Each `plot.*` argument will normally be given a function that is called with a single parameter: the phylepic object provided to `plot`. The function must produce a ggplot object suitable for aligning in the final chart.

For `plot.bars` in the above, we only wanted to override the default options without adding any new custom layers. In common cases like these we can reduce the boilerplate a bit:

```{r, eval=FALSE}
plot(
  phydata,
  plot.bars = function(x) {
    plot_bars(
      x,
      source = scale_fill_hue(...)
    )
  }
)

# equivalent to the above
plot(
  phydata,
  plot.bars = plot_bars(
    source = scale_fill_hue(...),
  )
)
```

This is because the `plot_*` helpers return a function instead of a ggplot if their first parameter is omitted.

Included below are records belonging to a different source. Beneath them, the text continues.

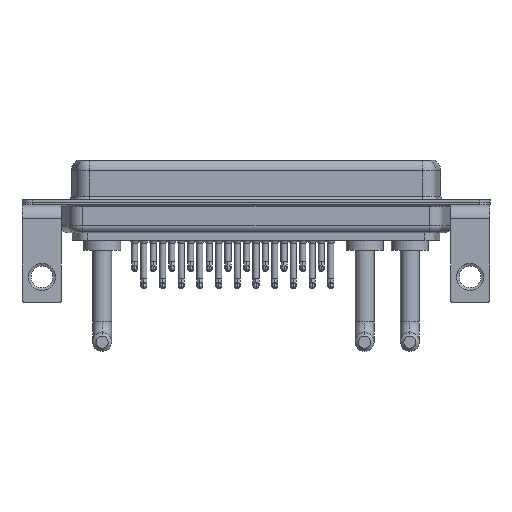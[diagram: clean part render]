
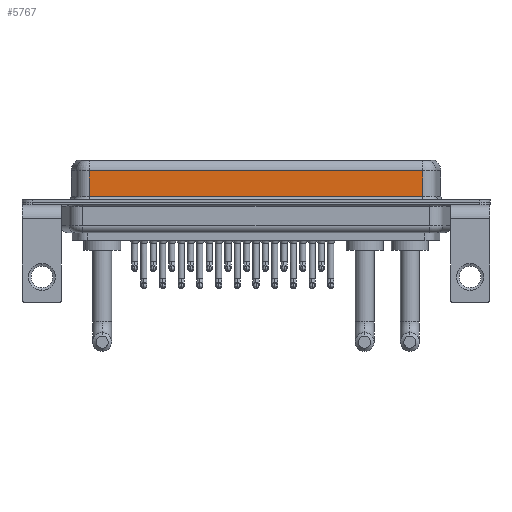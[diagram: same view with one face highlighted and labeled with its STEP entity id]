
A CAD part, front view. The second image highlights one B-rep face of the part: STEP entity #5767.
In plain terms, the highlighted planar face has unit normal (0, -1, 0).
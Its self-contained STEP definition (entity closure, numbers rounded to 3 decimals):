
#844 = VECTOR ( 'NONE', #17134, 1000. ) ;
#2370 = DIRECTION ( 'NONE',  ( 0., 0., -1. ) ) ;
#4810 = VERTEX_POINT ( 'NONE', #19809 ) ;
#4925 = CARTESIAN_POINT ( 'NONE',  ( 56.462, -3.95, 4.65 ) ) ;
#5339 = FACE_OUTER_BOUND ( 'NONE', #16960, .T. ) ;
#5712 = DIRECTION ( 'NONE',  ( 0., 0., 1. ) ) ;
#5767 = ADVANCED_FACE ( 'NONE', ( #5339 ), #9310, .F. ) ;
#7552 = CARTESIAN_POINT ( 'NONE',  ( 56.462, -3.95, 6.4 ) ) ;
#7741 = CARTESIAN_POINT ( 'NONE',  ( 7.038, -3.95, 6.4 ) ) ;
#8048 = VECTOR ( 'NONE', #19669, 1000. ) ;
#9279 = VERTEX_POINT ( 'NONE', #12632 ) ;
#9310 = PLANE ( 'NONE',  #16642 ) ;
#9797 = VERTEX_POINT ( 'NONE', #16409 ) ;
#10278 = CARTESIAN_POINT ( 'NONE',  ( 56.462, -3.95, 0.9 ) ) ;
#11911 = VERTEX_POINT ( 'NONE', #19501 ) ;
#12632 = CARTESIAN_POINT ( 'NONE',  ( 7.038, -3.95, 0.9 ) ) ;
#12688 = ORIENTED_EDGE ( 'NONE', *, *, #13217, .F. ) ;
#13217 = EDGE_CURVE ( 'NONE', #11911, #9797, #20757, .T. ) ;
#13817 = LINE ( 'NONE', #4925, #8048 ) ;
#14030 = EDGE_CURVE ( 'NONE', #9279, #9797, #18133, .T. ) ;
#16409 = CARTESIAN_POINT ( 'NONE',  ( 56.462, -3.95, 0.9 ) ) ;
#16642 = AXIS2_PLACEMENT_3D ( 'NONE', #22631, #18668, #5712 ) ;
#16960 = EDGE_LOOP ( 'NONE', ( #12688, #23609, #20226, #23239 ) ) ;
#17134 = DIRECTION ( 'NONE',  ( 0., 0., -1. ) ) ;
#17287 = EDGE_CURVE ( 'NONE', #4810, #9279, #21540, .T. ) ;
#18133 = LINE ( 'NONE', #10278, #20765 ) ;
#18668 = DIRECTION ( 'NONE',  ( 0., 1., 0. ) ) ;
#19501 = CARTESIAN_POINT ( 'NONE',  ( 56.462, -3.95, 4.65 ) ) ;
#19669 = DIRECTION ( 'NONE',  ( -1., 0., 0. ) ) ;
#19809 = CARTESIAN_POINT ( 'NONE',  ( 7.038, -3.95, 4.65 ) ) ;
#19988 = DIRECTION ( 'NONE',  ( 1., 0., 0. ) ) ;
#20226 = ORIENTED_EDGE ( 'NONE', *, *, #17287, .T. ) ;
#20757 = LINE ( 'NONE', #7552, #844 ) ;
#20765 = VECTOR ( 'NONE', #19988, 1000. ) ;
#21540 = LINE ( 'NONE', #7741, #24013 ) ;
#22631 = CARTESIAN_POINT ( 'NONE',  ( 56.462, -3.95, 6.4 ) ) ;
#23229 = EDGE_CURVE ( 'NONE', #11911, #4810, #13817, .T. ) ;
#23239 = ORIENTED_EDGE ( 'NONE', *, *, #14030, .T. ) ;
#23609 = ORIENTED_EDGE ( 'NONE', *, *, #23229, .T. ) ;
#24013 = VECTOR ( 'NONE', #2370, 1000. ) ;
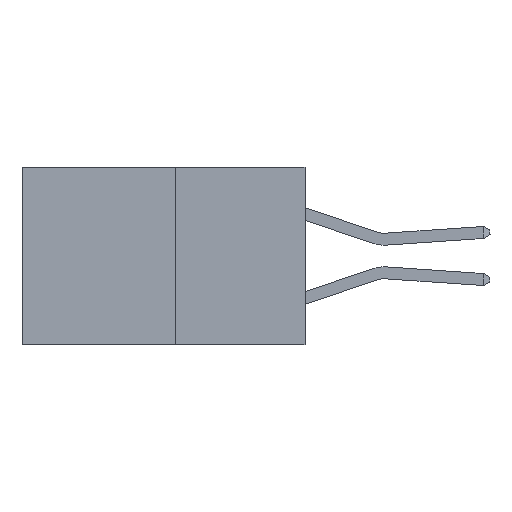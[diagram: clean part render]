
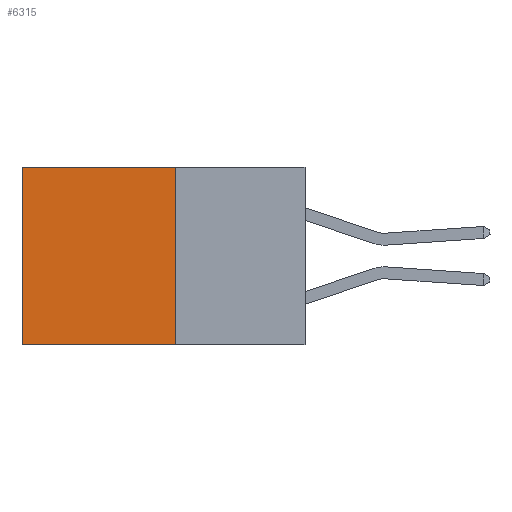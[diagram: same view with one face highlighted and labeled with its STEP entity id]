
A CAD part, left-side view. The second image highlights one B-rep face of the part: STEP entity #6315.
In plain terms, the highlighted planar face has unit normal (-1, 0, 0).
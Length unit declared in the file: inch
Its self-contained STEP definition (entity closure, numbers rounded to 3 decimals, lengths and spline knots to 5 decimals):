
#206 = EDGE_CURVE ( 'NONE', #1191, #8137, #11685, .T. ) ;
#1157 = CARTESIAN_POINT ( 'NONE',  ( 0.277, 0.27, -0.37 ) ) ;
#1191 = VERTEX_POINT ( 'NONE', #1157 ) ;
#1769 = VECTOR ( 'NONE', #5130, 39.37008 ) ;
#2777 = AXIS2_PLACEMENT_3D ( 'NONE', #12950, #14300, #14296 ) ;
#3196 = ORIENTED_EDGE ( 'NONE', *, *, #206, .F. ) ;
#3515 = DIRECTION ( 'NONE',  ( 0., 1., 0. ) ) ;
#4183 = VECTOR ( 'NONE', #3515, 39.37008 ) ;
#4241 = CARTESIAN_POINT ( 'NONE',  ( 0.277, 0.27, 0. ) ) ;
#4418 = ORIENTED_EDGE ( 'NONE', *, *, #16511, .T. ) ;
#4483 = ORIENTED_EDGE ( 'NONE', *, *, #17238, .T. ) ;
#4520 = DIRECTION ( 'NONE',  ( 0., 0., -1. ) ) ;
#5130 = DIRECTION ( 'NONE',  ( 0., 1., 0. ) ) ;
#6315 = ADVANCED_FACE ( 'NONE', ( #12652 ), #12975, .F. ) ;
#6712 = CARTESIAN_POINT ( 'NONE',  ( 0.277, 0.59, 0. ) ) ;
#6758 = LINE ( 'NONE', #17219, #18073 ) ;
#6813 = VECTOR ( 'NONE', #4520, 39.37008 ) ;
#7150 = CARTESIAN_POINT ( 'NONE',  ( 0.277, 0.27, -0.37 ) ) ;
#8137 = VERTEX_POINT ( 'NONE', #14202 ) ;
#8700 = DIRECTION ( 'NONE',  ( 0., 0., -1. ) ) ;
#10122 = LINE ( 'NONE', #12991, #6813 ) ;
#11417 = VERTEX_POINT ( 'NONE', #4241 ) ;
#11685 = LINE ( 'NONE', #7150, #4183 ) ;
#11958 = VERTEX_POINT ( 'NONE', #6712 ) ;
#12652 = FACE_OUTER_BOUND ( 'NONE', #12965, .T. ) ;
#12950 = CARTESIAN_POINT ( 'NONE',  ( 0.277, 0.27, -0.37 ) ) ;
#12965 = EDGE_LOOP ( 'NONE', ( #4418, #3196, #17738, #4483 ) ) ;
#12975 = PLANE ( 'NONE',  #2777 ) ;
#12991 = CARTESIAN_POINT ( 'NONE',  ( 0.277, 0.27, -0.37 ) ) ;
#13609 = CARTESIAN_POINT ( 'NONE',  ( 0.277, 0.27, 0. ) ) ;
#14202 = CARTESIAN_POINT ( 'NONE',  ( 0.277, 0.59, -0.37 ) ) ;
#14296 = DIRECTION ( 'NONE',  ( 0., 0., -1. ) ) ;
#14300 = DIRECTION ( 'NONE',  ( 1., 0., 0. ) ) ;
#15209 = EDGE_CURVE ( 'NONE', #11417, #1191, #10122, .T. ) ;
#16446 = LINE ( 'NONE', #13609, #1769 ) ;
#16511 = EDGE_CURVE ( 'NONE', #11958, #8137, #6758, .T. ) ;
#17219 = CARTESIAN_POINT ( 'NONE',  ( 0.277, 0.59, -0.37 ) ) ;
#17238 = EDGE_CURVE ( 'NONE', #11417, #11958, #16446, .T. ) ;
#17738 = ORIENTED_EDGE ( 'NONE', *, *, #15209, .F. ) ;
#18073 = VECTOR ( 'NONE', #8700, 39.37008 ) ;
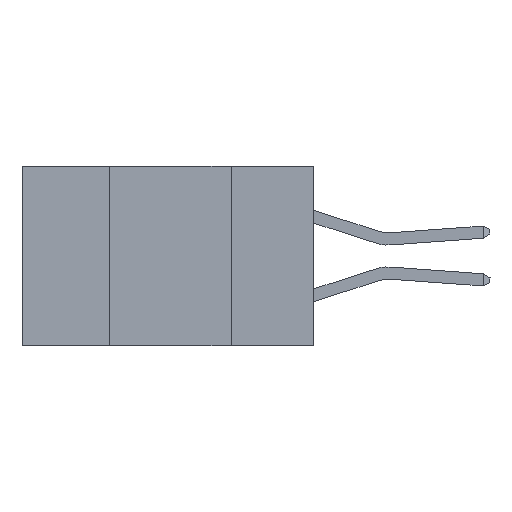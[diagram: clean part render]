
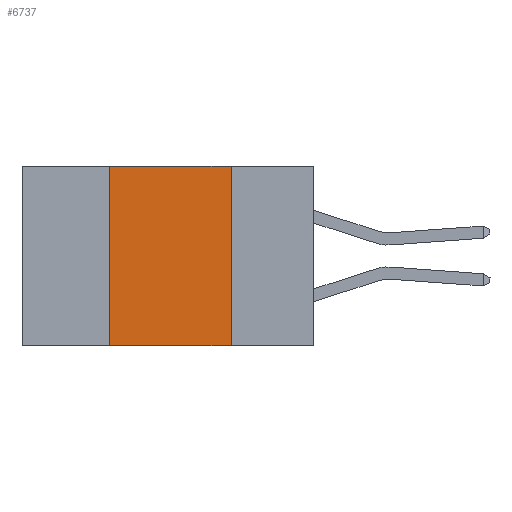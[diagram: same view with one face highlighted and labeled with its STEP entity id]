
A CAD part, left-side view. The second image highlights one B-rep face of the part: STEP entity #6737.
In plain terms, the highlighted planar face has unit normal (-1, 0, 0).
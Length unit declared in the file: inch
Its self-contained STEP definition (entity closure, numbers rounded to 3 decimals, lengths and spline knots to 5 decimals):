
#291 = EDGE_CURVE ( 'NONE', #8568, #8431, #4591, .T. ) ;
#351 = CARTESIAN_POINT ( 'NONE',  ( 0., 0.17, 0. ) ) ;
#398 = CARTESIAN_POINT ( 'NONE',  ( 0., 0.17, -0.37 ) ) ;
#444 = VERTEX_POINT ( 'NONE', #351 ) ;
#1081 = EDGE_LOOP ( 'NONE', ( #2497, #6283, #7245, #1813 ) ) ;
#1221 = FACE_OUTER_BOUND ( 'NONE', #1081, .T. ) ;
#1482 = LINE ( 'NONE', #3401, #9148 ) ;
#1788 = DIRECTION ( 'NONE',  ( 0., 0., -1. ) ) ;
#1813 = ORIENTED_EDGE ( 'NONE', *, *, #291, .T. ) ;
#2138 = DIRECTION ( 'NONE',  ( 0., -1., 0. ) ) ;
#2497 = ORIENTED_EDGE ( 'NONE', *, *, #6700, .F. ) ;
#3296 = EDGE_CURVE ( 'NONE', #9327, #444, #10441, .T. ) ;
#3401 = CARTESIAN_POINT ( 'NONE',  ( 0., 0.17, 0. ) ) ;
#3437 = CARTESIAN_POINT ( 'NONE',  ( 0., 0.6, 0. ) ) ;
#3501 = CARTESIAN_POINT ( 'NONE',  ( 0., 0.6, -0.37 ) ) ;
#3735 = CARTESIAN_POINT ( 'NONE',  ( 0., 0.6, 0. ) ) ;
#4591 = LINE ( 'NONE', #3501, #7602 ) ;
#4849 = LINE ( 'NONE', #8073, #6753 ) ;
#5057 = VECTOR ( 'NONE', #2138, 39.37008 ) ;
#5159 = DIRECTION ( 'NONE',  ( 0., 0., -1. ) ) ;
#6283 = ORIENTED_EDGE ( 'NONE', *, *, #3296, .F. ) ;
#6490 = CARTESIAN_POINT ( 'NONE',  ( 0., 0.42, -0.37 ) ) ;
#6700 = EDGE_CURVE ( 'NONE', #444, #8431, #1482, .T. ) ;
#6737 = ADVANCED_FACE ( 'NONE', ( #1221 ), #8248, .F. ) ;
#6753 = VECTOR ( 'NONE', #9820, 39.37008 ) ;
#7245 = ORIENTED_EDGE ( 'NONE', *, *, #7766, .F. ) ;
#7514 = AXIS2_PLACEMENT_3D ( 'NONE', #3437, #9862, #5159 ) ;
#7602 = VECTOR ( 'NONE', #9016, 39.37008 ) ;
#7675 = CARTESIAN_POINT ( 'NONE',  ( 0., 0.42, 0. ) ) ;
#7766 = EDGE_CURVE ( 'NONE', #8568, #9327, #4849, .T. ) ;
#8073 = CARTESIAN_POINT ( 'NONE',  ( 0., 0.42, 0. ) ) ;
#8248 = PLANE ( 'NONE',  #7514 ) ;
#8431 = VERTEX_POINT ( 'NONE', #398 ) ;
#8568 = VERTEX_POINT ( 'NONE', #6490 ) ;
#9016 = DIRECTION ( 'NONE',  ( 0., -1., 0. ) ) ;
#9148 = VECTOR ( 'NONE', #1788, 39.37008 ) ;
#9327 = VERTEX_POINT ( 'NONE', #7675 ) ;
#9820 = DIRECTION ( 'NONE',  ( 0., 0., 1. ) ) ;
#9862 = DIRECTION ( 'NONE',  ( 1., 0., 0. ) ) ;
#10441 = LINE ( 'NONE', #3735, #5057 ) ;
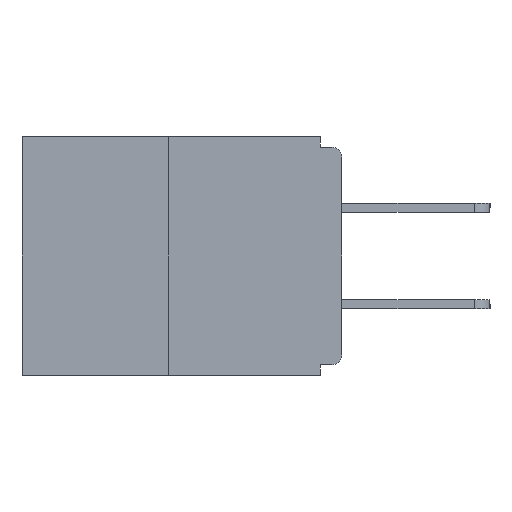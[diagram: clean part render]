
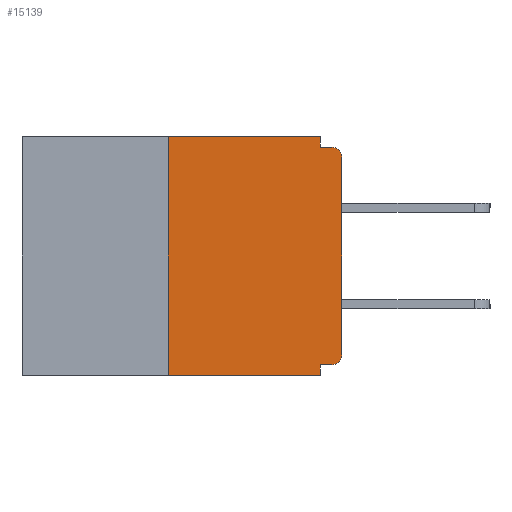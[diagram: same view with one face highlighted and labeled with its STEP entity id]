
A CAD part, left-side view. The second image highlights one B-rep face of the part: STEP entity #15139.
In plain terms, the highlighted planar face has unit normal (-1, 0, 0).
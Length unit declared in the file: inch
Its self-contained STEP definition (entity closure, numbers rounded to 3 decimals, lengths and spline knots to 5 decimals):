
#173 = CARTESIAN_POINT ( 'NONE',  ( 0., 0.015, -0.03 ) ) ;
#204 = EDGE_CURVE ( 'NONE', #14257, #12609, #2890, .T. ) ;
#472 = VERTEX_POINT ( 'NONE', #10508 ) ;
#699 = DIRECTION ( 'NONE',  ( 0., 0., -1. ) ) ;
#757 = ORIENTED_EDGE ( 'NONE', *, *, #6935, .T. ) ;
#827 = CARTESIAN_POINT ( 'NONE',  ( 0., 0., -0.03 ) ) ;
#1043 = LINE ( 'NONE', #5183, #7671 ) ;
#1210 = PLANE ( 'NONE',  #7931 ) ;
#1274 = ORIENTED_EDGE ( 'NONE', *, *, #10219, .F. ) ;
#1330 = CARTESIAN_POINT ( 'NONE',  ( 0., 0.46, 0. ) ) ;
#1902 = CARTESIAN_POINT ( 'NONE',  ( 0., 0.031, 0. ) ) ;
#1933 = CARTESIAN_POINT ( 'NONE',  ( 0., 0.031, -0.015 ) ) ;
#1960 = EDGE_LOOP ( 'NONE', ( #10993, #7766, #8590, #14377, #1274, #2243, #757, #2887, #13712, #2773 ) ) ;
#2155 = VERTEX_POINT ( 'NONE', #3745 ) ;
#2243 = ORIENTED_EDGE ( 'NONE', *, *, #204, .T. ) ;
#2328 = EDGE_CURVE ( 'NONE', #3622, #2155, #5470, .T. ) ;
#2384 = VECTOR ( 'NONE', #13470, 39.37008 ) ;
#2456 = CIRCLE ( 'NONE', #4352, 0.015 ) ;
#2773 = ORIENTED_EDGE ( 'NONE', *, *, #6789, .F. ) ;
#2887 = ORIENTED_EDGE ( 'NONE', *, *, #14794, .T. ) ;
#2890 = CIRCLE ( 'NONE', #8964, 0.015 ) ;
#3145 = DIRECTION ( 'NONE',  ( -1., 0., 0. ) ) ;
#3155 = CARTESIAN_POINT ( 'NONE',  ( 0., 0.031, -0.343 ) ) ;
#3222 = LINE ( 'NONE', #5260, #8010 ) ;
#3333 = DIRECTION ( 'NONE',  ( 0., 1., 0. ) ) ;
#3622 = VERTEX_POINT ( 'NONE', #15611 ) ;
#3745 = CARTESIAN_POINT ( 'NONE',  ( 0., 0.031, -0.343 ) ) ;
#3974 = DIRECTION ( 'NONE',  ( 0., 0., 1. ) ) ;
#4094 = DIRECTION ( 'NONE',  ( 1., 0., 0. ) ) ;
#4352 = AXIS2_PLACEMENT_3D ( 'NONE', #173, #8119, #6805 ) ;
#5131 = VERTEX_POINT ( 'NONE', #1902 ) ;
#5183 = CARTESIAN_POINT ( 'NONE',  ( 0., 0.46, 0. ) ) ;
#5260 = CARTESIAN_POINT ( 'NONE',  ( 0., 0., 0. ) ) ;
#5364 = VECTOR ( 'NONE', #16875, 39.37008 ) ;
#5470 = LINE ( 'NONE', #3155, #16553 ) ;
#5593 = EDGE_CURVE ( 'NONE', #472, #5131, #1043, .T. ) ;
#6272 = CARTESIAN_POINT ( 'NONE',  ( 0., 0., -0.313 ) ) ;
#6445 = CARTESIAN_POINT ( 'NONE',  ( 0., 0., -0.015 ) ) ;
#6511 = EDGE_CURVE ( 'NONE', #11849, #472, #10667, .T. ) ;
#6789 = EDGE_CURVE ( 'NONE', #5131, #10558, #13315, .T. ) ;
#6805 = DIRECTION ( 'NONE',  ( 0., 0., -1. ) ) ;
#6935 = EDGE_CURVE ( 'NONE', #12609, #13830, #3222, .T. ) ;
#7081 = LINE ( 'NONE', #9749, #13576 ) ;
#7671 = VECTOR ( 'NONE', #13157, 39.37008 ) ;
#7766 = ORIENTED_EDGE ( 'NONE', *, *, #6511, .F. ) ;
#7931 = AXIS2_PLACEMENT_3D ( 'NONE', #1330, #4094, #10440 ) ;
#7943 = EDGE_CURVE ( 'NONE', #11849, #2155, #16126, .T. ) ;
#8010 = VECTOR ( 'NONE', #3974, 39.37008 ) ;
#8013 = CARTESIAN_POINT ( 'NONE',  ( 0., 0.015, -0.328 ) ) ;
#8119 = DIRECTION ( 'NONE',  ( -1., 0., 0. ) ) ;
#8343 = CARTESIAN_POINT ( 'NONE',  ( 0., 0.46, -0.343 ) ) ;
#8590 = ORIENTED_EDGE ( 'NONE', *, *, #7943, .T. ) ;
#8964 = AXIS2_PLACEMENT_3D ( 'NONE', #12342, #3145, #9738 ) ;
#9134 = CARTESIAN_POINT ( 'NONE',  ( 0., 0.015, -0.015 ) ) ;
#9738 = DIRECTION ( 'NONE',  ( 0., 0., -1. ) ) ;
#9749 = CARTESIAN_POINT ( 'NONE',  ( 0., 0., -0.328 ) ) ;
#9852 = VECTOR ( 'NONE', #14134, 39.37008 ) ;
#10219 = EDGE_CURVE ( 'NONE', #14257, #3622, #7081, .T. ) ;
#10440 = DIRECTION ( 'NONE',  ( 0., 0., -1. ) ) ;
#10508 = CARTESIAN_POINT ( 'NONE',  ( 0., 0.25, 0. ) ) ;
#10558 = VERTEX_POINT ( 'NONE', #1933 ) ;
#10667 = LINE ( 'NONE', #14353, #10855 ) ;
#10855 = VECTOR ( 'NONE', #15600, 39.37008 ) ;
#10993 = ORIENTED_EDGE ( 'NONE', *, *, #5593, .F. ) ;
#11116 = LINE ( 'NONE', #6445, #5364 ) ;
#11138 = EDGE_CURVE ( 'NONE', #10558, #12822, #11116, .T. ) ;
#11849 = VERTEX_POINT ( 'NONE', #16469 ) ;
#12342 = CARTESIAN_POINT ( 'NONE',  ( 0., 0.015, -0.313 ) ) ;
#12609 = VERTEX_POINT ( 'NONE', #6272 ) ;
#12822 = VERTEX_POINT ( 'NONE', #9134 ) ;
#13056 = CARTESIAN_POINT ( 'NONE',  ( 0., 0.031, 0. ) ) ;
#13157 = DIRECTION ( 'NONE',  ( 0., -1., 0. ) ) ;
#13315 = LINE ( 'NONE', #13056, #9852 ) ;
#13321 = FACE_OUTER_BOUND ( 'NONE', #1960, .T. ) ;
#13470 = DIRECTION ( 'NONE',  ( 0., -1., 0. ) ) ;
#13576 = VECTOR ( 'NONE', #3333, 39.37008 ) ;
#13712 = ORIENTED_EDGE ( 'NONE', *, *, #11138, .F. ) ;
#13830 = VERTEX_POINT ( 'NONE', #827 ) ;
#14134 = DIRECTION ( 'NONE',  ( 0., 0., -1. ) ) ;
#14257 = VERTEX_POINT ( 'NONE', #8013 ) ;
#14353 = CARTESIAN_POINT ( 'NONE',  ( 0., 0.25, 0. ) ) ;
#14377 = ORIENTED_EDGE ( 'NONE', *, *, #2328, .F. ) ;
#14794 = EDGE_CURVE ( 'NONE', #13830, #12822, #2456, .T. ) ;
#15139 = ADVANCED_FACE ( 'NONE', ( #13321 ), #1210, .F. ) ;
#15600 = DIRECTION ( 'NONE',  ( 0., 0., 1. ) ) ;
#15611 = CARTESIAN_POINT ( 'NONE',  ( 0., 0.031, -0.328 ) ) ;
#16126 = LINE ( 'NONE', #8343, #2384 ) ;
#16469 = CARTESIAN_POINT ( 'NONE',  ( 0., 0.25, -0.343 ) ) ;
#16553 = VECTOR ( 'NONE', #699, 39.37008 ) ;
#16875 = DIRECTION ( 'NONE',  ( 0., -1., 0. ) ) ;

### Making use of the calendar and epidemic curve

The previous plot shows two clear genomic clusters associated with concurrent outbreaks. To make this point more clearly, we would like to indicate the two clusters on the epidemic curve (using the same colour scale).

To achieve this, we pass `fill = cluster` to both the `plot.epicurve` and `plot.calendar` panels:

```{r, fig.width=11, fig.height=9}
plot(
  phydata,
  plot.tree = function(x) {
    plot_tree(x) +
      ggraph::geom_node_point(aes(filter = leaf, colour = cluster), size = 2, show.legend = FALSE) +
      cluster_scale
  },
  plot.bars = plot_bars(
    source = scale_fill_hue(
      name = "Source", h.start = 30, drop = FALSE, na.translate = FALSE
    ),
  ),
  plot.epicurve = plot_epicurve(fill = cluster),
  plot.calendar = plot_calendar(
    fill = cluster,
    labels = "%d",
  ),
  scale.date = date_scale,
  scale.fill = cluster_scale, # new: pass the scale to both panels
  width.tree = 20,
  width.date = 12,
  width.legend = 4,
  height.tree = 6
)
```

Because the cluster colour scales are consistent across panels, the legend guides are automatically combined.

The warning messages coming from ggplot are annotated to indicate which panel was responsible. Here the warnings are telling us that

  * 11 tree tips couldn't be drawn because they have no cluster,
  * 8 rows (a subset of those 11) have known dates that are outside the calendar axis range, but the arrows couldn't be drawn because they have no cluster and we configured the cluster scale with `na.translate = FALSE`, and
  * 28 rows didn't contribute to the epidemic curve because their date was missing or out of range.